To work around this limitation, Beemo implements its own version of filename expansion using the glob package. Simply wrap your command line argument in quotes to use it!

# Before
yarn beemo eslint ./packages/*/{src,tests}
# After
yarn beemo eslint "./packages/*/{src,tests}"

This approach has an additional benefit of not cluttering stdout.

In some cases, a glob pattern can match too many files, and exceed the maximum size for arguments passed to a command. To work around this set expandGlobs to false in the Driver options. For this to work correctly, the underlying tool must correctly handle the glob patterns you pass in.

Parallel commands#

Multiple commands for the same driver can be run in parallel by passing one or many // parallel operators. Each operator may include multiple arguments or options.

For example, if you'd like to run separate ESLint commands in different folders.

yarn beemo eslint --color // ./src --ext=.ts,.tsx // ./tests --report-unused-disable-directives
# Would run 2 commands in parallel
eslint --color ./src --ext=.ts,.tsx
eslint --color ./tests --report-unused-disable-directives

Parallel defined arguments are not accessible within the configuration file, as the file has already been created using the initially passed non-parallel arguments. However, depending on the driver, some argument may be available under process.beemo.context.args.

Custom settings#

Beemo supports custom project level configuration through the settings property. A property which accepts an object of any key-value pair. This property is not used by Beemo itself, so is free from any possible collisions.

.config/beemo.ts
export default {
module: '<config-module>',
settings: {
whateverYouWant: 'here',
coolRight: true,
},
};

These settings can then be accessed through the tool instance.

tool.config.settings.coolRight; // boolean

Branded tooling#

The Beemo command line and configuration can be renamed to offer a better and more immersive branding experience, especially when used at a large company.

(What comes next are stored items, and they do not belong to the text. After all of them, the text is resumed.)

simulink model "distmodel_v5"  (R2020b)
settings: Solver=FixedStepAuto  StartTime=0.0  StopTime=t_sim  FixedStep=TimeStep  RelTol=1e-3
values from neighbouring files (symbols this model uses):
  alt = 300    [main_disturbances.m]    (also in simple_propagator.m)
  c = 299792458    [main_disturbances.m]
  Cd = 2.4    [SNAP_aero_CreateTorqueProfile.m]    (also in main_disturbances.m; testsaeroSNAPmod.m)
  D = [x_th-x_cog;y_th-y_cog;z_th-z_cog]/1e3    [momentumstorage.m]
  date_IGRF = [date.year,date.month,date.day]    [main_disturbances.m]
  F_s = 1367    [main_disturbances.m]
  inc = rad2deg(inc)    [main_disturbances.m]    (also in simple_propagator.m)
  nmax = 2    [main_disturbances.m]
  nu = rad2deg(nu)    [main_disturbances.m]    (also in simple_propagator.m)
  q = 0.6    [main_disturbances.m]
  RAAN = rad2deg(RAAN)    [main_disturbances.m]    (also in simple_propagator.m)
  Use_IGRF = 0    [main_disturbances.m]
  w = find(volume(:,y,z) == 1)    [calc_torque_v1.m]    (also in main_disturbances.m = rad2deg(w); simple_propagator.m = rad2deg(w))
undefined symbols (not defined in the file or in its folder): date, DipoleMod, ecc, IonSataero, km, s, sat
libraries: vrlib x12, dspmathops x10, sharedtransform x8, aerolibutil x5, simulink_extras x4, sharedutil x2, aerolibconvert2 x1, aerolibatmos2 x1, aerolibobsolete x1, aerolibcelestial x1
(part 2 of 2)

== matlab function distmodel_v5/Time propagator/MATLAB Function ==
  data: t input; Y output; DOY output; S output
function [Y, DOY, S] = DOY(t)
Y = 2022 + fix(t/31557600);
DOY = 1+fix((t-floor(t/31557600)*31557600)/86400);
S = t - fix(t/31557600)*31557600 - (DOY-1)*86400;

To start, create a new executable in your configuration module at bin/<name>.js (name must be camel-case), with the following contents (which simply runs Beemo's console).

In the upcoming examples, we will use "BMO" as the brand, but feel free to plug in whatever you'd like.

#!/usr/bin/env node
// Name of your company, project, etc in a human-readable format
process.env.BEEMO_BRAND_NAME = 'BMO';
// Name of the command line binary in camel-case
process.env.BEEMO_BRAND_BINARY = 'bmo';
// NPM configuration module that houses shared configs and the binary itself
process.env.BEEMO_CONFIG_MODULE = '@bmo/dev';
// Custom documentation website to display in help output
process.env.BEEMO_MANUAL_URL = 'https://custom/manual/url';
require('@beemo/cli/bin');

Be sure to reference your new executable in your configuration module's package.json.

package.json
{
"bin": {
"bmo": "./bin/bmo.js"
}
}

If BEEMO_CONFIG_MODULE is not defined in your custom binary (above), each consumer will need to manually configure it.

.config/bmo.ts
export default {
module: '@bmo/dev',
};

Does change#

  • Binary executable name and project title: bmo run-driver babel
  • Config file names: .config/bmo.js, .config/bmo/babel.js, etc
  • Beemo process global: process.bmo
  • Debug namespace: DEBUG=bmo:*

Does not change#

  • Driver and script package names: @beemo/driver-babel, beemo-script-build, etc

CLI themes#

Beemo is built on Boost, a powerful dev tool framework, which provides the ability to theme the command line output (by changing important colors). To activate a theme, pass a BOOSTJS_CLI_THEME environment variable with the name of the theme.

BOOSTJS_CLI_THEME=one-dark yarn beemo babel

View the list of available themes on the official Boost repository.